One brisk October day in 1869, John Moodie sat on the porch of his cottage attempting to split some firewood with his good right hand. Susanna, who was returning from a walk, put her hand on his shoulder as she passed through to the kitchen door. “You naughty creature,” she teased her husband. “Did you take the opportunity of my being out to kill yourself ?” John laughed: “I feel quite well and strong, today. I mean to cut all the wood for the parlour stove, it will give me a good appetite for dinner.”
The two old people pottered their way through the day. In the evening, they settled into chairs on each side of the parlour stove, and John read aloud while Susanna knitted new socks for him. After thirty-eight years of marriage, they still delighted in each other’s company. “He looked so beautiful,” Susanna recalled a few days later. “The silky snow white hair waving on his shoulders. The noble face illumined by the lamp and the pure fair complexion just tinged with a bright glow, that gave to lip and cheek almost the bloom of youth.” At nine o’clock, Susanna brought her husband a tumbler of milk and a bun and remarked that it was time “for respectable old people like you and I to be in bed.” She helped him into the bedroom, where he still slept in their iron bedstead and she slept on a low couch nearby, and started unbuttoning his shirt for him. “Dear Susy,” John grinned, “I give you a deal of trouble.” Susanna smiled back. “It is no trouble. I always bless God that I am here to help you.”
John manoeuvred his stiff left leg awkwardly into bed, then Susanna plumped up the pillows to make him comfortable.

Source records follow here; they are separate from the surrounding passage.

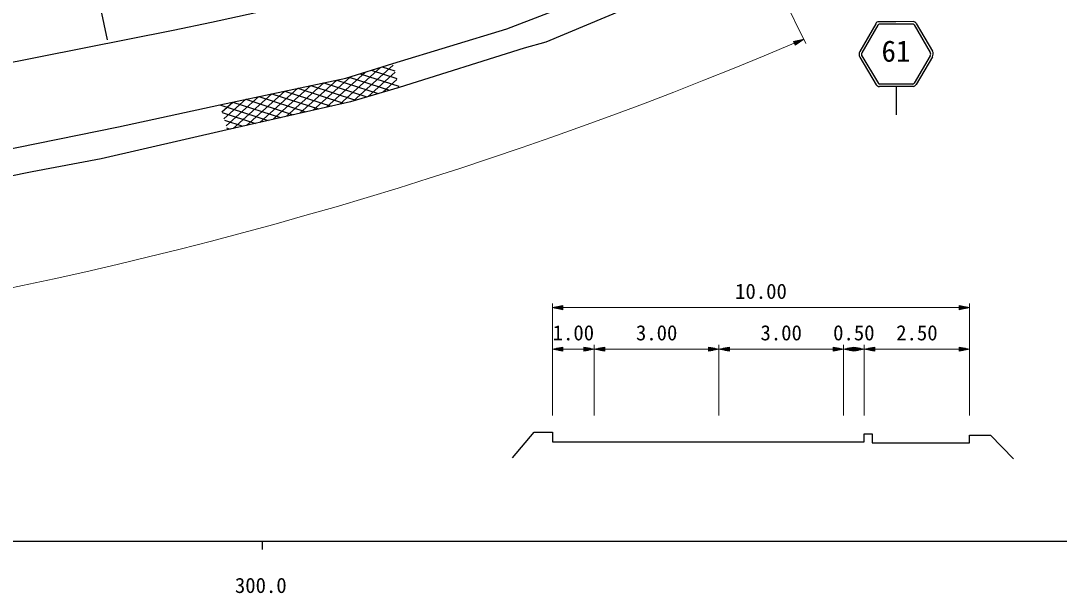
# Model space of a CAD drawing. Units: millimetres, scale not verified. Extents: x 40000 to 680000, y 20000 to 380000.
# Drawn here: x 338927 to 464038, y 198715 to 267686 of the extents above; entities that cross this region are included whole.
import ezdxf
from ezdxf.enums import TextEntityAlignment as Align

# ---------------------------------------------------------------- set-up
doc = ezdxf.new("R2010")
doc.units = ezdxf.units.MM
doc.header["$LTSCALE"] = 1000
for name, color, linetype, lineweight in [('M-BGD', 7, 'Continuous', 25), ('M-STR-HTXT', 7, 'Continuous', 13), ('M-STR-STRC', 7, 'Continuous', 25), ('M-TTL-BAND', 7, 'Continuous', 25)]:
    doc.layers.add(name, color=color, linetype=linetype, lineweight=lineweight)
doc.styles.add('ＭＳ ゴシック', font='')
doc.styles.get('ＭＳ ゴシック').set_extended_font_data('MS Gothic')

msp = doc.modelspace()

# ---------------------------------------------------------------- linework, layer by layer
at = {"layer": 'M-BGD'}
for p, q in [((348084, 271256), (349348, 265397)), ((375753, 257277), (380456, 261505)), ((377357, 257644), (382274, 262063)), ((378995, 258040), (383796, 262356)), ((380764, 258555), (384022, 261483)), ((381149, 261717), (384221, 260717)), ((382478, 262126), (383982, 261636)), ((372544, 256544), (376996, 260546)), ((374148, 256911), (378638, 260946)), ((376996, 260546), (382003, 258915)), ((378490, 260901), (383367, 259312)), ((379819, 261309), (384459, 259797)), ((382533, 259069), (384248, 260611)), ((366126, 255078), (370735, 259221)), ((367730, 255444), (372300, 259552)), ((369335, 255811), (373866, 259884)), ((370735, 259221), (376310, 257404)), ((370939, 256177), (375431, 260215)), ((372300, 259552), (377828, 257751)), ((373866, 259884), (379274, 258121)), ((375431, 260215), (380638, 258518)), ((384303, 259584), (384474, 259738)), ((363159, 256713), (364474, 257895)), ((363409, 255862), (366039, 258227)), ((363659, 255012), (367604, 258558)), ((364474, 257895), (370238, 256017)), ((364522, 254711), (369170, 258889)), ((366039, 258227), (371756, 256364)), ((367604, 258558), (373274, 256711)), ((369170, 258889), (374792, 257058)), ((362908, 257564), (368720, 255670)), ((363182, 256633), (367202, 255324)), ((363456, 255703), (365684, 254977)), ((363729, 254772), (364166, 254630))]:
    msp.add_line(p, q, dxfattribs=at)
for points in [[(361896, 267498), (381072, 271742), (390483, 274192), (398082, 276305), (401456, 277939), (422976, 288219), (428729, 291557), (437642, 297186), (442614, 301012)], [(383754, 262518), (397479, 266699), (406996, 270392), (414524, 273517), (429759, 280886), (445313, 290527)], [(446626, 287722), (431392, 278205), (426563, 275808), (414205, 270108), (402202, 265101), (399574, 264391), (384499, 259641)], [(64775, 277484), (81712, 272541), (116726, 262704), (126278, 260396), (146804, 255833), (149148, 256348), (172053, 252725), (197017, 250577), (209691, 249472), (217578, 249103), (228480, 248890), (238920, 248944), (274219, 251429), (303445, 255886), (357298, 266566), (361896, 267498)], [(362908, 257564), (378089, 260778), (383754, 262518)], [(384499, 259641), (378640, 257937), (363796, 254545)], [(294833, 243750), (301509, 245028), (320366, 248846), (336062, 251935), (350692, 254901), (362908, 257564)], [(363796, 254545), (348597, 251065), (340288, 249503), (334109, 248260), (327575, 247301), (317915, 245046), (309499, 243235), (299769, 241016), (295330, 240270)], [(398153, 215039), (400799, 218129), (402983, 218129), (402983, 216974), (423118, 216974), (440554, 216974), (440554, 217933), (441513, 217933), (441513, 216850), (453232, 216850), (453232, 217773), (455753, 217773), (458523, 214897)]]:
    msp.add_lwpolyline(points, dxfattribs=at)
at = {"layer": 'M-STR-HTXT'}
for p, q in [((428862, 274359), (433526, 264941)), ((433270, 265458), (432022, 265198)), ((432271, 265250), (432041, 265152)), ((432061, 265106), (432521, 265302)), ((432771, 265354), (432081, 265060)), ((432100, 265014), (433020, 265406)), ((433270, 265458), (432120, 264968)), ((432139, 264922), (433059, 265314)), ((433270, 265458), (432218, 264738)), ((432022, 265198), (432218, 264738)), ((432849, 265170), (432159, 264876)), ((432179, 264830), (432639, 265026)), ((432428, 264882), (432198, 264784)), ((402983, 220129), (402983, 233629)), ((402983, 233129), (404233, 233379)), ((402983, 233129), (404233, 232879)), ((402983, 233129), (404233, 233129)), ((404233, 233179), (403233, 233179)), ((404233, 233079), (403233, 233079)), ((403483, 233229), (404233, 233229)), ((403483, 233029), (404233, 233029)), ((404233, 233279), (403733, 233279)), ((404233, 232979), (403733, 232979)), ((403983, 233329), (404233, 233329)), ((403983, 232929), (404233, 232929)), ((404233, 232879), (404233, 233379)), ((404233, 233129), (408026, 233129)), ((408026, 233129), (423047, 233129)), ((423047, 233129), (438033, 233129)), ((438033, 233129), (440554, 233129)), ((440554, 233129), (451982, 233129)), ((453232, 233129), (451982, 233379)), ((451982, 233379), (451982, 232879)), ((452232, 233329), (451982, 233329)), ((451982, 233279), (452482, 233279)), ((452732, 233229), (451982, 233229)), ((451982, 233179), (452982, 233179)), ((453232, 233129), (451982, 232879)), ((453232, 233129), (451982, 233129)), ((451982, 233079), (452982, 233079)), ((452732, 233029), (451982, 233029)), ((451982, 232979), (452482, 232979)), ((452232, 232929), (451982, 232929)), ((453232, 220129), (453232, 233629)), ((402983, 228129), (404233, 228379)), ((402983, 228129), (404233, 227879)), ((402983, 228129), (404233, 228129)), ((404233, 228179), (403233, 228179)), ((404233, 228079), (403233, 228079)), ((403483, 228229), (404233, 228229)), ((403483, 228029), (404233, 228029)), ((404233, 228279), (403733, 228279)), ((404233, 227979), (403733, 227979)), ((403983, 228329), (404233, 228329)), ((403983, 227929), (404233, 227929)), ((404233, 227879), (404233, 228379)), ((404233, 228129), (406776, 228129)), ((408026, 228129), (406776, 228379)), ((406776, 228379), (406776, 227879)), ((407026, 228329), (406776, 228329)), ((406776, 228279), (407276, 228279)), ((407526, 228229), (406776, 228229)), ((406776, 228179), (407776, 228179)), ((408026, 228129), (406776, 227879)), ((408026, 228129), (406776, 228129)), ((406776, 228079), (407776, 228079)), ((407526, 228029), (406776, 228029)), ((406776, 227979), (407276, 227979)), ((407026, 227929), (406776, 227929)), ((408026, 220129), (408026, 228629)), ((408026, 228129), (409276, 228379)), ((408026, 228129), (409276, 227879)), ((408026, 228129), (409276, 228129)), ((409276, 228179), (408276, 228179)), ((409276, 228079), (408276, 228079)), ((408526, 228229), (409276, 228229)), ((408526, 228029), (409276, 228029)), ((409276, 228279), (408776, 228279)), ((409276, 227979), (408776, 227979)), ((409026, 228329), (409276, 228329)), ((409026, 227929), (409276, 227929)), ((409276, 227879), (409276, 228379)), ((409276, 228129), (421797, 228129)), ((423047, 228129), (421797, 228379)), ((421797, 228379), (421797, 227879)), ((422047, 228329), (421797, 228329)), ((421797, 228279), (422297, 228279)), ((422547, 228229), (421797, 228229)), ((421797, 228179), (422797, 228179)), ((423047, 228129), (421797, 227879)), ((423047, 228129), (421797, 228129)), ((421797, 228079), (422797, 228079)), ((422547, 228029), (421797, 228029)), ((421797, 227979), (422297, 227979)), ((422047, 227929), (421797, 227929)), ((423047, 220129), (423047, 228629)), ((423047, 228129), (424297, 228379)), ((423047, 228129), (424297, 227879)), ((423047, 228129), (424297, 228129)), ((424297, 228179), (423297, 228179)), ((424297, 228079), (423297, 228079)), ((423547, 228229), (424297, 228229)), ((423547, 228029), (424297, 228029)), ((424297, 228279), (423797, 228279)), ((424297, 227979), (423797, 227979)), ((424047, 228329), (424297, 228329)), ((424047, 227929), (424297, 227929)), ((424297, 227879), (424297, 228379)), ((424297, 228129), (436783, 228129)), ((438033, 228129), (436783, 228379)), ((436783, 228379), (436783, 227879)), ((437033, 228329), (436783, 228329)), ((436783, 228279), (437283, 228279)), ((437533, 228229), (436783, 228229)), ((436783, 228179), (437783, 228179)), ((438033, 228129), (436783, 227879)), ((438033, 228129), (436783, 228129)), ((436783, 228079), (437783, 228079)), ((437533, 228029), (436783, 228029)), ((436783, 227979), (437283, 227979)), ((437033, 227929), (436783, 227929)), ((438033, 220129), (438033, 228629)), ((438033, 228129), (439283, 228379)), ((438033, 228129), (439283, 227879)), ((438033, 228129), (439283, 228129)), ((439283, 228179), (438283, 228179)), ((439283, 228079), (438283, 228079)), ((438533, 228229), (439283, 228229)), ((438533, 228029), (439283, 228029)), ((439283, 228279), (438783, 228279)), ((439283, 227979), (438783, 227979)), ((439033, 228329), (439283, 228329)), ((439033, 227929), (439283, 227929)), ((439283, 227879), (439283, 228379)), ((439283, 228129), (439304, 228129)), ((440554, 228129), (439304, 228379)), ((439304, 228379), (439304, 227879)), ((439554, 228329), (439304, 228329)), ((439304, 228279), (439804, 228279)), ((440054, 228229), (439304, 228229)), ((439304, 228179), (440304, 228179)), ((440554, 228129), (439304, 227879)), ((440554, 228129), (439304, 228129)), ((439304, 228079), (440304, 228079)), ((440054, 228029), (439304, 228029)), ((439304, 227979), (439804, 227979)), ((439554, 227929), (439304, 227929)), ((440554, 220129), (440554, 228629)), ((440554, 228129), (441804, 228379)), ((440554, 228129), (441804, 227879)), ((440554, 228129), (441804, 228129)), ((441804, 228179), (440804, 228179)), ((441804, 228079), (440804, 228079)), ((441054, 228229), (441804, 228229)), ((441054, 228029), (441804, 228029)), ((441804, 228279), (441304, 228279)), ((441804, 227979), (441304, 227979)), ((441554, 228329), (441804, 228329)), ((441554, 227929), (441804, 227929)), ((441804, 227879), (441804, 228379)), ((441804, 228129), (451982, 228129)), ((453232, 228129), (451982, 228379)), ((451982, 228379), (451982, 227879)), ((452232, 228329), (451982, 228329)), ((451982, 228279), (452482, 228279)), ((452732, 228229), (451982, 228229)), ((451982, 228179), (452982, 228179)), ((453232, 228129), (451982, 227879)), ((453232, 228129), (451982, 228129)), ((451982, 228079), (452982, 228079)), ((452732, 228029), (451982, 228029)), ((451982, 227979), (452482, 227979)), ((452232, 227929), (451982, 227929))]:
    msp.add_line(p, q, dxfattribs=at)
msp.add_arc((233940, 733550), 508766, 264.80609, 292.92521, dxfattribs=at)
at = {"layer": 'M-STR-STRC'}
for p, q in [((441930, 267321), (439999, 263979)), ((442190, 267171), (440259, 263829)), ((446548, 267189), (448506, 263863)), ((446806, 267341), (448765, 264015)), ((440008, 263291), (441988, 259984)), ((440266, 263445), (442246, 260138)), ((448503, 263479), (446551, 260156)), ((448762, 263327), (446809, 260004)), ((444401, 259749), (444401, 256363))]:
    msp.add_line(p, q, dxfattribs=at)
for points in [[(446431, 267591), (444367, 267574), (442303, 267574)], [(446398, 267291), (444370, 267274), (442339, 267274)], [(446434, 259765), (444401, 259749), (442365, 259749)], [(446394, 260065), (444398, 260049), (442403, 260049)]]:
    msp.add_lwpolyline(points, dxfattribs=at)
for centre, radius, start, end in [((442320, 267148), 427, 92.29572, 156.02366), ((442361, 267084), 191, 96.53703, 152.95737), ((446378, 267101), 191, 27.51575, 83.93609), ((446418, 267165), 427, 24.44946, 88.1774), ((448141, 263674), 711, 330.80435, 28.66338), ((440626, 263643), 711, 151.80974, 209.66878), ((440626, 263643), 412, 151.80974, 209.66878), ((448141, 263674), 412, 330.80435, 28.66338), ((442479, 260350), 612, 216.76349, 259.34701), ((442414, 260252), 203, 214.0004, 273.155), ((446381, 260268), 203, 267.31812, 326.47272), ((446316, 260366), 612, 281.12611, 323.70964)]:
    msp.add_arc(centre, radius, start, end, dxfattribs=at)
at = {"layer": 'M-TTL-BAND'}
for p, q in [((40000, 205000), (579000, 205000)), ((368000, 205000), (368000, 204000))]:
    msp.add_line(p, q, dxfattribs=at)

# ---------------------------------------------------------------- texts
at = {"layer": 'M-STR-HTXT', "style": 'ＭＳ ゴシック'}
for s, p in [('10.00', (428107, 233629)), ('1.00', (405504, 228629)), ('3.00', (415536, 228629)), ('3.00', (430540, 228629)), ('0.50', (439293, 228629)), ('2.50', (446893, 228629))]:
    msp.add_text(s, height=1833, dxfattribs=at).set_placement(p, align=Align.BOTTOM_CENTER)
at = {"layer": 'M-STR-STRC', "style": 'ＭＳ ゴシック'}
msp.add_text('61', height=2566, dxfattribs=at).set_placement((442624, 261982), align=Align.BOTTOM_LEFT)
at = {"layer": 'M-TTL-BAND', "style": 'ＭＳ ゴシック'}
msp.add_text('300.0', height=1833, dxfattribs=at).set_placement((367844, 198195), align=Align.BOTTOM_CENTER)

doc.saveas('drawing.dxf')

She leaned down and kissed his broad brow, and “bade God to bless my old darling, and give him a good night’s rest.” John reached up to her, pulling her down to his breast, and said in an exaggerated Scots accent, “My dear auld wife, may He bless you.” They were the last words of love Susanna ever heard from John.
It was still dark when Susanna awoke with a start. Someone had cried out, “Mother!” She quickly struggled off the couch and went to his bedside. “Dear Johnnie, are you ill? What is the matter?” John appeared quite coherent as he replied, “Mother, I did not call you. But I am very thirsty. Have you any drink here?” Susanna lit the oil lamp, and brought him a glass of water.
As she watched John brush the glass away and struggle to speak again, Susanna realized that something was wrong. She rose to send the servant for the doctor, but John insisted that, “Doctors can do me no good … Get me over the bed and open the window, I want more air.” By now, the sky was gradually changing from inky black to luminous blue, but the wind from the open window was icy. John, in the grip of a second stroke, was struggling for breath. Susanna wrapped a cloak round him, but he promptly threw up a quantity of slimy foam. He was dying, and Susanna knew it.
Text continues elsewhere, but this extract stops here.